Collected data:
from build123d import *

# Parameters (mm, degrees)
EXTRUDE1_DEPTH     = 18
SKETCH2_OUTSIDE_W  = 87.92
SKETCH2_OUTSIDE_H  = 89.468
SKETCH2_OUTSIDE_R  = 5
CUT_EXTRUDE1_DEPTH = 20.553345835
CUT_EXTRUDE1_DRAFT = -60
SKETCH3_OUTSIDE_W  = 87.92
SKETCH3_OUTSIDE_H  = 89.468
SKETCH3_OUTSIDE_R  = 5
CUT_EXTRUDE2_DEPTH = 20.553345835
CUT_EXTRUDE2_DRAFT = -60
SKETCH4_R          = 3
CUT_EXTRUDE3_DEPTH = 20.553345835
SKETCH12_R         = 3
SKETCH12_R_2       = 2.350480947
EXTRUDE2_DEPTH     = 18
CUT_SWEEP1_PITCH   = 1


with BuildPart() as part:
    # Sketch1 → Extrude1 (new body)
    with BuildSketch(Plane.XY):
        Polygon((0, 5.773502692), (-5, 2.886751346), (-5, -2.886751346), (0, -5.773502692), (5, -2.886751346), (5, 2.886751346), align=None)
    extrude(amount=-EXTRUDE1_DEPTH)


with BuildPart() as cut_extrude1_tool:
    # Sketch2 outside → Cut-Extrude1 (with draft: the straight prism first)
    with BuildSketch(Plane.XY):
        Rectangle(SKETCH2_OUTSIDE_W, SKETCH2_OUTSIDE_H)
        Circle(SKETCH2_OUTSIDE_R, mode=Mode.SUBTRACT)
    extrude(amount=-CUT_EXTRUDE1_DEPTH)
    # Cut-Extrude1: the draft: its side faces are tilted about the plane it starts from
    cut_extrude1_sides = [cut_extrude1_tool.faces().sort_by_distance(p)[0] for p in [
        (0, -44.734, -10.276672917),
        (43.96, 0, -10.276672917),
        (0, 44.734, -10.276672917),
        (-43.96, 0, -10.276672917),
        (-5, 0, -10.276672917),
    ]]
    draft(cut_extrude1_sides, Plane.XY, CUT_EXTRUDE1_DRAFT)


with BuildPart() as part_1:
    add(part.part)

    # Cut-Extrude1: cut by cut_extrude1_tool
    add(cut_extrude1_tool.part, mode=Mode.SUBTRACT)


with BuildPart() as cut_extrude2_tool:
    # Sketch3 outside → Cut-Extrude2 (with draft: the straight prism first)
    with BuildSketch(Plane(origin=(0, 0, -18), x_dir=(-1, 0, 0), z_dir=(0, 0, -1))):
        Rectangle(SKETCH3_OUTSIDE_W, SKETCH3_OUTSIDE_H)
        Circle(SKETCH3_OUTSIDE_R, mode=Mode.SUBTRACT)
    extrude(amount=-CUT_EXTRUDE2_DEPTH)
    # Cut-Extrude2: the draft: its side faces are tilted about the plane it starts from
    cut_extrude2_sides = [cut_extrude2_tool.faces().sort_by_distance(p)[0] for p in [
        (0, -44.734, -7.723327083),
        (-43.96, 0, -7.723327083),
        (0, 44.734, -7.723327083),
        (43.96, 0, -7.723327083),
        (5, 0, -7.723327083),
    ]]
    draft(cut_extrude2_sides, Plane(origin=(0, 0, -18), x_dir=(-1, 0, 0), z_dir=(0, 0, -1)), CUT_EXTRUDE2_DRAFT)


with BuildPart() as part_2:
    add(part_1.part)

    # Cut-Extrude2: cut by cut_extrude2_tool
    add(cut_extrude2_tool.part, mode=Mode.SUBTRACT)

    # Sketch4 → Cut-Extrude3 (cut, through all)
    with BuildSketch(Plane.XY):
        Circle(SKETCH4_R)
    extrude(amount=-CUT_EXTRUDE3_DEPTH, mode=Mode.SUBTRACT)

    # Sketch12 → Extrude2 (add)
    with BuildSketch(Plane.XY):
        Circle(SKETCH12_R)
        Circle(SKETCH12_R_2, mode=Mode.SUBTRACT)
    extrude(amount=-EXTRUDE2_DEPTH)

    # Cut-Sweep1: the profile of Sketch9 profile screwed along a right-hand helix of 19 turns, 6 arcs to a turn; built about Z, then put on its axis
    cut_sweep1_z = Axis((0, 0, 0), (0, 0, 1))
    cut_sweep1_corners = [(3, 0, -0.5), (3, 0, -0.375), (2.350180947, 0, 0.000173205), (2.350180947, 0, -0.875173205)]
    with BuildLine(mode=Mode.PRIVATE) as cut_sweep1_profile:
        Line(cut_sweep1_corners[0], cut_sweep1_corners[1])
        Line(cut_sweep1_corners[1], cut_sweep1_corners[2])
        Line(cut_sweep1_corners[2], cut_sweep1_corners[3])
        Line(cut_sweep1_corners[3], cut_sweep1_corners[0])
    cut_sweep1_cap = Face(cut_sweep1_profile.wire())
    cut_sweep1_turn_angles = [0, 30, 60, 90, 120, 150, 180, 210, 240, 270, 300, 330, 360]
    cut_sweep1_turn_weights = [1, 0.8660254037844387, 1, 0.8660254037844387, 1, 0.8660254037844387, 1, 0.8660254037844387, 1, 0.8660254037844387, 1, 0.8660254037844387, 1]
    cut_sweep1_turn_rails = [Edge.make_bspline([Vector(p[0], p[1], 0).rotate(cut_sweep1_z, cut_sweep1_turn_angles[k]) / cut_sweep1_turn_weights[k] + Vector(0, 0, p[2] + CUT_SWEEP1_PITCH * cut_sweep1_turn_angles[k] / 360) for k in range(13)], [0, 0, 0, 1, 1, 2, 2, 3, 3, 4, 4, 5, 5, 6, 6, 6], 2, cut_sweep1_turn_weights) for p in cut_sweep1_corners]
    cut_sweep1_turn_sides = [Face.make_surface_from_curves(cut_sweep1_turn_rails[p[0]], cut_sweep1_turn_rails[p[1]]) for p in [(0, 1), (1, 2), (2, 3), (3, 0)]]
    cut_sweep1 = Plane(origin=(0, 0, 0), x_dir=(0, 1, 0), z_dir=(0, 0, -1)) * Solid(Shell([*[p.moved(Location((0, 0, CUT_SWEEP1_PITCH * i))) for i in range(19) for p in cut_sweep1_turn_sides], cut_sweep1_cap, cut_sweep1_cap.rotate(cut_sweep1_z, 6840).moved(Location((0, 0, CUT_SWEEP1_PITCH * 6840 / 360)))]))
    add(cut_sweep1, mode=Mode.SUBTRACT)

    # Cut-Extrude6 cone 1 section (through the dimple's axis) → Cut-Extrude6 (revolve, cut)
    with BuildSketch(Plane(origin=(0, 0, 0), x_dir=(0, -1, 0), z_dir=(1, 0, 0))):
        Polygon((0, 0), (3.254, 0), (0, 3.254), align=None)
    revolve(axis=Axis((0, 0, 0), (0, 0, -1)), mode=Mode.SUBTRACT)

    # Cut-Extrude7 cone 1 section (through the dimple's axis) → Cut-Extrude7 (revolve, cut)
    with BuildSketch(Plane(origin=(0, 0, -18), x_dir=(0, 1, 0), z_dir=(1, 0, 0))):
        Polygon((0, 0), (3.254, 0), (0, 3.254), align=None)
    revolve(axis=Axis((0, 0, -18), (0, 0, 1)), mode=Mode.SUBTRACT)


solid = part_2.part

» **TASK INSTRUCTIONS**
The lines above from the one containing "0, -1)), CUT_EXTRUDE2_DRAFT)" through the one containing "cut_sweep1_z = Axis((0, 0, 0), (0, 0, 1))" are to be set down exactly, and no others.

» **SOLUTION FOR THIS TASK**
    draft(cut_extrude2_sides, Plane(origin=(0, 0, -18), x_dir=(-1, 0, 0), z_dir=(0, 0, -1)), CUT_EXTRUDE2_DRAFT)


with BuildPart() as part_2:
    add(part_1.part)

    # Cut-Extrude2: cut by cut_extrude2_tool
    add(cut_extrude2_tool.part, mode=Mode.SUBTRACT)

    # Sketch4 → Cut-Extrude3 (cut, through all)
    with BuildSketch(Plane.XY):
        Circle(SKETCH4_R)
    extrude(amount=-CUT_EXTRUDE3_DEPTH, mode=Mode.SUBTRACT)

    # Sketch12 → Extrude2 (add)
    with BuildSketch(Plane.XY):
        Circle(SKETCH12_R)
        Circle(SKETCH12_R_2, mode=Mode.SUBTRACT)
    extrude(amount=-EXTRUDE2_DEPTH)

    # Cut-Sweep1: the profile of Sketch9 profile screwed along a right-hand helix of 19 turns, 6 arcs to a turn; built about Z, then put on its axis
    cut_sweep1_z = Axis((0, 0, 0), (0, 0, 1))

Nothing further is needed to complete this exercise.